Un an, sept numéros et encore tant d’autres à venir !

Je ne reviendrai pas au cours de cet article sur le contenu type d’un numéro de The Game. En effet, je présentais déjà l’ensemble des rubriques que le magazine comprend dans cet autre papier publié à l’occasion de la sortie du premier numéro en 2014. Etant donné que cette formule est depuis restée inchangée, je crois qu’il serait inutile de proposer encore une fois une présentation sommaire de cet ensemble. Non au lieu de cela, je vais me contenter de souligner la façon dont ces sept numéros ont su tenir une ligne éditoriale de qualité. Mais pas tout de suite. D’abord, je vais simplement souligner la qualité du magazine en tant qu’objet. Dès le premier numéro, je trouvais que The Game savait offrir un confort de lecture indéniable qui s’appuie non seulement sur sa mise en page mais également sur la qualité de son papier. On n’y pense pas toujours mais tenir un magazine dont la production est de piètre qualité dans les mains, c’est nul et cela ôte tout le plaisir que l’on peut avoir à le lire. Loin de cet écueil, The Game navigue tranquillement sur la mer de la presse vidéoludique en se proposant d’être le magazine que l’on aime emmener avec soi et lire un peu n’importe où. Un sentiment renforcé par le léger lifting sont il bénéficie dès ce septième numéro, qui voit le format légèrement réduit.
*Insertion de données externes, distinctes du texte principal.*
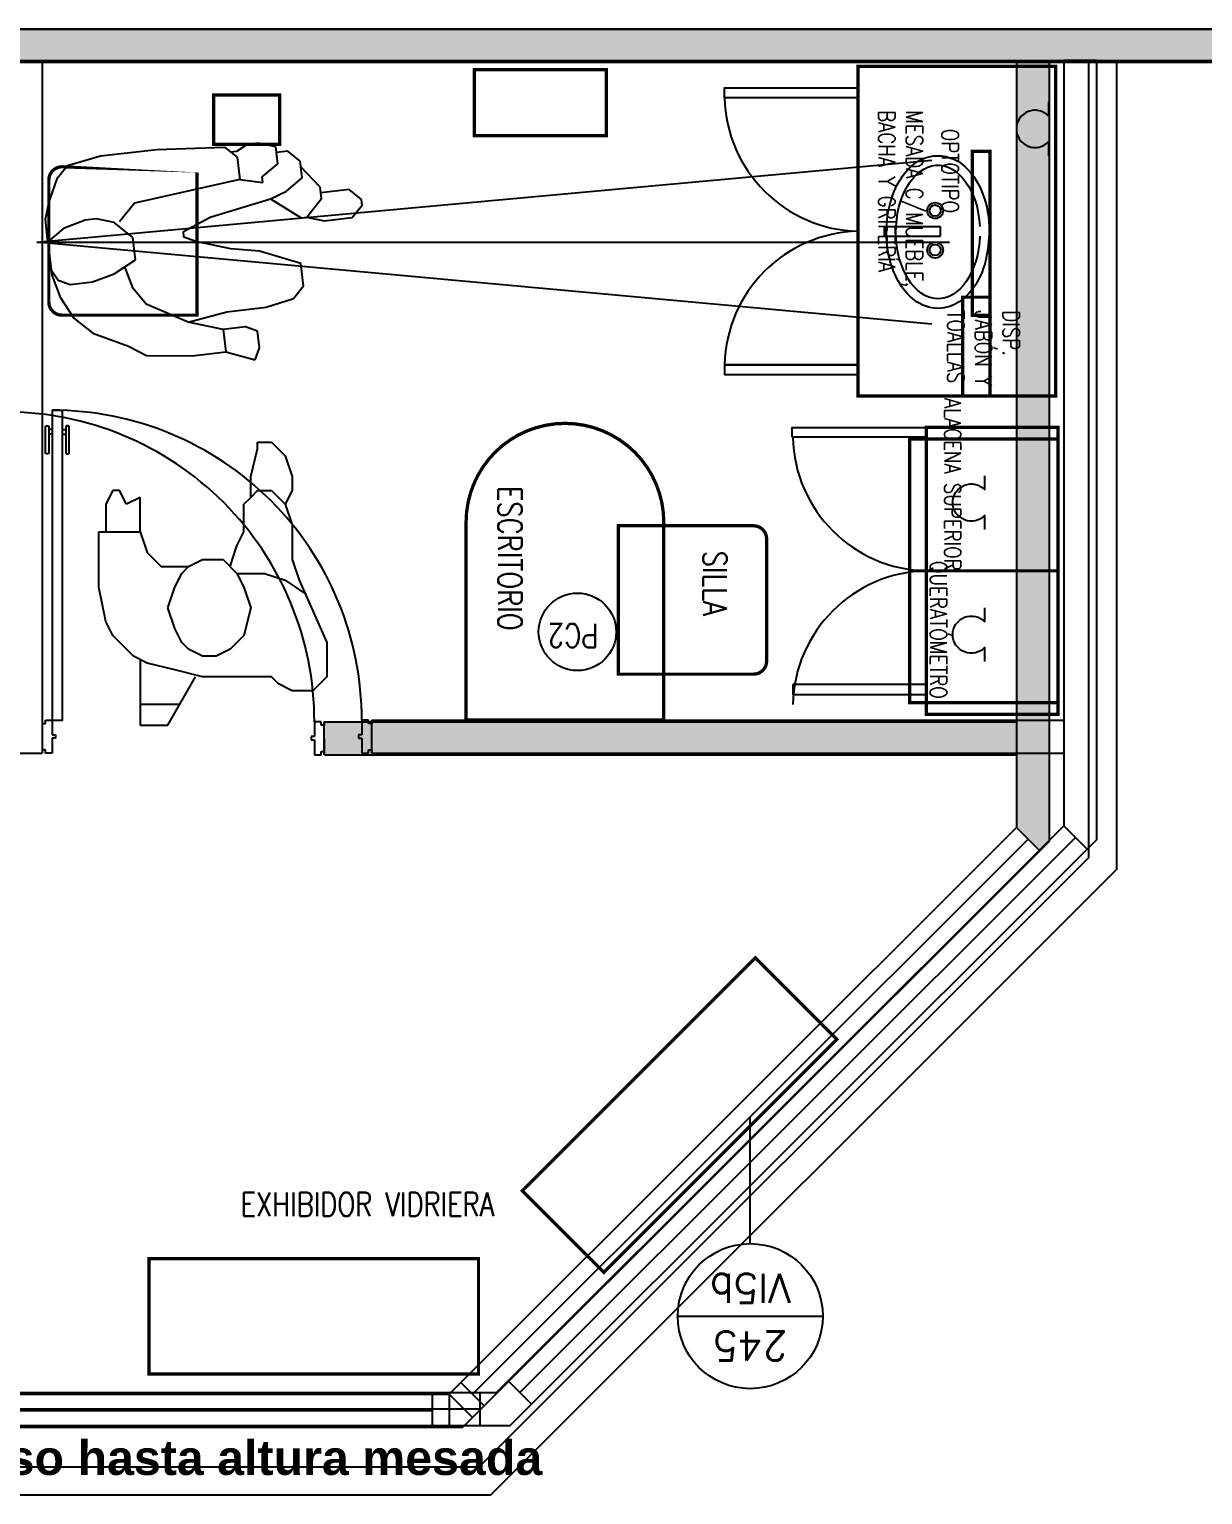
# Model space of a CAD drawing. Header units: millimetres. Extents: x 1478096 to 1808313, y 619971 to 762366.
# Drawn here: x 1628251 to 1631811, y 658390 to 662835 of the extents above; entities that cross this region are included whole.
import ezdxf
from ezdxf.enums import TextEntityAlignment as Align

# ---------------------------------------------------------------- set-up
doc = ezdxf.new("R2010")
doc.units = ezdxf.units.MM
doc.header["$LTSCALE"] = 10
doc.linetypes.add('CONTINOUS', pattern=[0])
doc.linetypes.add('DASH_6', pattern=[0.375, 0.25, -0.125])
for name, color, linetype in [('0-LAYOUT', 252, 'Continuous'), ('0-superficies', 7, 'Continuous'), ('1-EQUIPAMIENTO', 250, 'Continuous'), ('A-CARPINTERIA ALUMINIO', 8, 'Continuous'), ('A-CARPINTERIA MADERA', 8, 'Continuous'), ('A-HATCH-DURLOCK', 252, 'Continuous'), ('A-TABIQUE PRY', 251, 'Continuous'), ('DC-ARQ-CARPINTERIAS', 7, 'Continuous'), ('DC-ARQ-DEFENSA', 164, 'CONTINOUS'), ('DC-ARQ-PAINEL DURLOCK', 7, 'Continuous'), ('E-TXT', 7, 'Continuous'), ('PV-EA', 9, 'Continuous'), ('TXT CARP VENTANAS', 6, 'Continuous'), ('W-DIVISIONS', 250, 'DASH_6')]:
    doc.layers.add(name, color=color, linetype=linetype)
doc.styles.add('ROMANS', font='romans')
doc.styles.add('SANSSERIFBOLD', font='sasb____.pfb')
doc.styles.add('SIMPLEX', font='SIMPLEX.shx', dxfattribs={"width": 0.8})

# ---------------------------------------------------------------- blocks, each defined once
blk = doc.blocks.new('SIMB-CAR')
blk.add_line((-0.5, 0), (0.5, 0))
blk.add_circle((0, 0), 0.5)
at = {"style": 'ROMANS'}
for tag, p in [('TIPO', (0, 0.1917687192590165)), ('NUMERO', (0, -0.2054664849201799))]:
    blk.add_attdef(tag, text='', height=0.2, dxfattribs=at).set_placement(p, align=Align.MIDDLE)
blk = doc.blocks.new('Y_SITMAN')
at = {"layer": 'E-TXT', "color": 0}
for p, q in [((-0.095052, 0.4953), (-0.171252, 0.4572)), ((-0.018852, 0.51435), (-0.095052, 0.4953)), ((-0.037902, 0.4953), (-0.056952, 0.4572)), ((0, 0.51435), (-0.037902, 0.4953)), ((0.09525, 0.51435), (-0.018852, 0.51435)), ((0.13335, 0.4572), (0.09525, 0.51435)), ((0.09525, 0.51435), (0.17145, 0.51435)), ((0.17145, 0.51435), (0.2286, 0.4953)), ((0.2286, 0.4953), (0.3048, 0.4572)), ((-0.171252, 0.4572), (-0.228402, 0.40005)), ((-0.056952, 0.4572), (-0.056952, 0.381)), ((0.1524, 0.381), (0.13335, 0.4572)), ((0.3048, 0.4572), (0.3429, 0.4191)), ((-0.228402, 0.40005), (-0.285552, 0.28575)), ((0.3429, 0.4191), (0.36195, 0.3048)), ((-0.056952, 0.381), (-0.037902, 0.3048)), ((0.1524, 0.3429), (0.1524, 0.381)), ((-0.037902, 0.3048), (0, 0.2286)), ((0.13335, 0.28575), (0.1524, 0.3429)), ((0.36195, 0.3048), (0.36195, 0.1143)), ((-0.285552, 0.28575), (-0.323652, 0.2286)), ((-0.152202, 0.20955), (-0.095052, 0.24765)), ((-0.095052, 0.24765), (-0.018852, 0.2667)), ((0.0762, 0.2286), (0.13335, 0.28575)), ((0.1905, 0.20955), (0.13335, 0.2667)), ((-0.323652, 0.2286), (-0.342702, 0.0762)), ((-0.228402, 0.0762), (-0.152202, 0.20955)), ((0, 0.2286), (0.0762, 0.2286)), ((0.2286, -0.152202), (0.1905, 0.20955)), ((0.36195, 0.1143), (0.3429, -0.114102)), ((-0.342702, 0.0762), (-0.342702, -0.037902)), ((-0.266502, -0.037902), (-0.228402, 0.0762)), ((-0.228402, 0.0762), (-0.209352, -0.056952)), ((0.0381, 0.01905), (0.05715, 0.05715)), ((0.05715, 0.05715), (0.0762, 0.05715)), ((0.0762, 0.05715), (0.1143, -0.037902)), ((0, -0.095052), (0.0381, 0.01905)), ((-0.342702, -0.037902), (-0.380802, -0.133152)), ((-0.266502, -0.037902), (-0.342702, -0.037902)), ((-0.266502, -0.114102), (-0.266502, -0.037902)), ((0.1143, -0.037902), (0.1524, -0.247452)), ((-0.209352, -0.056952), (-0.209352, -0.190302)), ((-0.018852, -0.190302), (0, -0.095052)), ((-0.380802, -0.133152), (-0.342702, -0.152202)), ((-0.285552, -0.152202), (-0.266502, -0.114102)), ((0.3429, -0.114102), (0.3048, -0.152202)), ((0.32385, -0.152202), (0.32385, -0.133152)), ((-0.342702, -0.152202), (-0.285552, -0.152202)), ((-0.209352, -0.190302), (-0.190302, -0.285552)), ((-0.076002, -0.323652), (-0.018852, -0.190302)), ((0.2286, -0.152202), (0.20955, -0.228402)), ((0.3048, -0.152202), (0.2286, -0.152202)), ((0.3429, -0.190302), (0.32385, -0.152202)), ((0.3429, -0.228402), (0.3429, -0.190302)), ((0.20955, -0.228402), (0.2286, -0.228402)), ((0.2286, -0.228402), (0.2667, -0.285552)), ((0.32385, -0.285552), (0.3429, -0.228402)), ((-0.190302, -0.285552), (-0.152202, -0.323652)), ((0.1524, -0.247452), (0.0762, -0.342702)), ((0.1524, -0.247452), (0.17145, -0.304602)), ((0.2667, -0.285552), (0.32385, -0.285552)), ((0.3048, -0.323652), (0.3048, -0.285552)), ((-0.152202, -0.323652), (-0.076002, -0.323652)), ((0.0762, -0.342702), (0.0762, -0.361752)), ((0.17145, -0.304602), (0.20955, -0.361752)), ((0.2667, -0.361752), (0.3048, -0.323652)), ((0.0762, -0.361752), (0.05715, -0.4189020000000001)), ((0.0762, -0.361752), (0.13335, -0.4189020000000001)), ((0.17145, -0.4189020000000001), (0.24765, -0.361752)), ((0.20955, -0.361752), (0.2667, -0.361752)), ((0.05715, -0.4189020000000001), (0.05715, -0.514152)), ((0.13335, -0.4189020000000001), (0.17145, -0.4189020000000001)), ((0.1524, -0.514152), (0.1524, -0.4189020000000001)), ((0.05715, -0.514152), (0.09525, -0.5522520000000001)), ((0.1143, -0.5522520000000001), (0.1524, -0.514152)), ((0.09525, -0.5522520000000001), (0.1143, -0.5522520000000001))]:
    blk.add_line(p, q, dxfattribs=at)
blk = doc.blocks.new('persona')
at = {"color": 0}
for p, q in [((-0.2094510000001719, 0.3238500000001068), (-0.2285010000001648, 0.2667000000001281)), ((-0.2094510000001719, 0.3238500000001068), (-0.2285010000001648, 0.2667000000001281)), ((-0.1713510000001861, 0.3619500000000926), (-0.2094510000001719, 0.3238500000001068)), ((-0.1713510000001861, 0.3619500000000926), (-0.2094510000001719, 0.3238500000001068)), ((-0.1332510000000866, 0.3619500000000926), (-0.1713510000001861, 0.3619500000000926)), ((-0.1332510000000866, 0.3619500000000926), (-0.1713510000001861, 0.3619500000000926)), ((-0.1332510000000866, 0.3429000000000997), (-0.1332510000000866, 0.3619500000000926)), ((-0.1332510000000866, 0.3429000000000997), (-0.1332510000000866, 0.3619500000000926)), ((-0.1142010000000937, 0.2667000000001281), (-0.1332510000000866, 0.3429000000000997)), ((-0.1142010000000937, 0.2667000000001281), (-0.1332510000000866, 0.3429000000000997)), ((-0.2285010000001648, 0.2667000000001281), (-0.2285010000001648, 0.2286000000001422)), ((-0.2285010000001648, 0.2667000000001281), (-0.2285010000001648, 0.2286000000001422)), ((-0.1142010000000937, 0.2095500000001493), (-0.1142010000000937, 0.2667000000001281)), ((-0.1142010000000937, 0.2095500000001493), (-0.1142010000000937, 0.2667000000001281)), ((-0.2285010000001648, 0.2286000000001422), (-0.2094510000001719, 0.1905000000001564)), ((-0.2285010000001648, 0.2286000000001422), (-0.2094510000001719, 0.1905000000001564)), ((-0.1713510000001861, 0.2286000000001422), (-0.2094510000001719, 0.1905000000001564)), ((-0.1713510000001861, 0.2286000000001422), (-0.2094510000001719, 0.1905000000001564)), ((-0.1332510000000866, 0.2286000000001422), (-0.1713510000001861, 0.2286000000001422)), ((-0.1332510000000866, 0.2286000000001422), (-0.1713510000001861, 0.2286000000001422)), ((-0.1142010000000937, 0.2095500000001493), (-0.1332510000000866, 0.2286000000001422)), ((-0.1142010000000937, 0.2095500000001493), (-0.1332510000000866, 0.2286000000001422)), ((-0.0951510000001008, 0.1905000000001564), (-0.1142010000000937, 0.2095500000001493)), ((-0.0951510000001008, 0.1905000000001564), (-0.1142010000000937, 0.2095500000001493)), ((0.1904009999998379, 0.2095500000001493), (0.2285009999998238, 0.1905000000001564)), ((0.1904009999998379, 0.1143000000001848), (0.1904009999998379, 0.2095500000001493)), ((0.1904009999998379, 0.2095500000001493), (0.2285009999998238, 0.1905000000001564)), ((0.1904009999998379, 0.1143000000001848), (0.1904009999998379, 0.2095500000001493)), ((0.2285009999998238, 0.1905000000001564), (0.2475509999998167, 0.2286000000001422)), ((0.2285009999998238, 0.1905000000001564), (0.2475509999998167, 0.2286000000001422)), ((0.2475509999998167, 0.2286000000001422), (0.2666009999998096, 0.2286000000001422)), ((0.2475509999998167, 0.2286000000001422), (0.2666009999998096, 0.2286000000001422)), ((0.2666009999998096, 0.2286000000001422), (0.2856509999999162, 0.1905000000001564)), ((0.2666009999998096, 0.2286000000001422), (0.2856509999999162, 0.1905000000001564)), ((-0.2094510000001719, 0.1905000000001564), (-0.2285010000001648, 0.1333500000001777)), ((-0.2094510000001719, 0.1905000000001564), (-0.2285010000001648, 0.1333500000001777)), ((-0.0951510000001008, 0.1143000000001848), (-0.0951510000001008, 0.1905000000001564)), ((-0.0951510000001008, 0.1143000000001848), (-0.0951510000001008, 0.1905000000001564)), ((0.2856509999999162, 0.1905000000001564), (0.2856509999999162, 0.1143000000001848)), ((0.2856509999999162, 0.1905000000001564), (0.2856509999999162, 0.1143000000001848)), ((-0.2285010000001648, 0.1333500000001777), (-0.2285010000001648, 0.0381000000000995)), ((-0.2285010000001648, 0.1333500000001777), (-0.2285010000001648, 0.0381000000000995)), ((-0.07610100000010789, 0.07620000000008531), (-0.0951510000001008, 0.1143000000001848)), ((-0.07610100000010789, 0.07620000000008531), (-0.0951510000001008, 0.1143000000001848)), ((0.1904009999998379, 0.1143000000001848), (0.171350999999845, 0.0571500000000924)), ((0.1904009999998379, 0.1143000000001848), (0.171350999999845, 0.0571500000000924)), ((0.3047009999999091, 0.1143000000001848), (0.1904009999998379, 0.1143000000001848)), ((0.3047009999999091, 0.1143000000001848), (0.1904009999998379, 0.1143000000001848)), ((0.3047009999999091, -0.03809999999987213), (0.3047009999999091, 0.1143000000001848)), ((0.3047009999999091, -0.03809999999987213), (0.3047009999999091, 0.1143000000001848)), ((-0.05705100000011498, 0.01905000000010659), (-0.07610100000010789, 0.07620000000008531)), ((-0.05705100000011498, 0.01905000000010659), (-0.07610100000010789, 0.07620000000008531)), ((0.171350999999845, 0.0571500000000924), (0.1332509999998592, 0.01905000000010659)), ((0.171350999999845, 0.0571500000000924), (0.1332509999998592, 0.01905000000010659)), ((-0.2285010000001648, 0.0381000000000995), (-0.2475510000001577, -0.01904999999987922)), ((-0.2285010000001648, 0.0381000000000995), (-0.2475510000001577, -0.01904999999987922)), ((-0.1523010000001932, 1.13686837721616e-13), (-0.2094510000001719, -0.01904999999987922)), ((-0.1523010000001932, 1.13686837721616e-13), (-0.2094510000001719, -0.01904999999987922)), ((-0.07610100000010789, 1.13686837721616e-13), (-0.1523010000001932, 1.13686837721616e-13)), ((-0.07610100000010789, 1.13686837721616e-13), (-0.1523010000001932, 1.13686837721616e-13)), ((-0.07610100000010789, 1.13686837721616e-13), (-0.0951510000001008, -0.03809999999987213)), ((-0.07610100000010789, 1.13686837721616e-13), (-0.0951510000001008, -0.03809999999987213)), ((-0.03800100000012208, 0.0381000000000995), (-0.07610100000010789, 1.13686837721616e-13)), ((-0.03800100000012208, 0.0381000000000995), (-0.07610100000010789, 1.13686837721616e-13)), ((0.0189509999999018, 0.0381000000000995), (-0.03800100000012208, 0.0381000000000995)), ((0.0189509999999018, 0.0381000000000995), (-0.03800100000012208, 0.0381000000000995)), ((0.05705099999988761, 0.01905000000010659), (0.0189509999999018, 0.0381000000000995)), ((0.05705099999988761, 0.01905000000010659), (0.0189509999999018, 0.0381000000000995)), ((0.07610099999988051, 1.13686837721616e-13), (0.05705099999988761, 0.01905000000010659)), ((0.1332509999998592, 0.01905000000010659), (0.05705099999988761, 0.01905000000010659)), ((0.07610099999988051, 1.13686837721616e-13), (0.05705099999988761, 0.01905000000010659)), ((0.1332509999998592, 0.01905000000010659), (0.05705099999988761, 0.01905000000010659)), ((0.09515099999987342, -0.03809999999987213), (0.07610099999988051, 1.13686837721616e-13)), ((0.09515099999987342, -0.03809999999987213), (0.07610099999988051, 1.13686837721616e-13)), ((-0.2475510000001577, -0.01904999999987922), (-0.3237510000001294, -0.1903019999998605)), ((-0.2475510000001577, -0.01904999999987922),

On perd ainsi près de 2cm sur la hauteur et environ 1cm sur la largeur. Peu de choses mais cela renforce le côté pratique de ce magazine selon moi. Reste que le contenu n’en pâtit absolument et les textes proposés restent identiques à la charte imposée au cours des six numéros précédents, leur densité est conservée intacte par un simple passage par la case « changement de taille de police » qui n’enlève heureusement rien au confort de lecture. Pour en revenir rapidement à la mise en page, la maquette du magazine – qui tend un peu à ressembler à certains magazines masculins d’aujourd’hui – est digne de louanges. Imposant son esthétique propre et se construisant ainsi une identité visuelle caractéristique, The Game est un ouvrage que j’épluche toujours sans me forcer. Il me donne finalement le sentiment de modifier l’image de la presse vidéoludique en lui donnant des allures grand-public, ce qui n’est pas pour me déplaire. On sent qu’il y a la volonté de proposer autre chose, de se libérer des codes classiques du genre, un peu comme le fait cet autre excellent magazine qu’est JV dans une autre mesure.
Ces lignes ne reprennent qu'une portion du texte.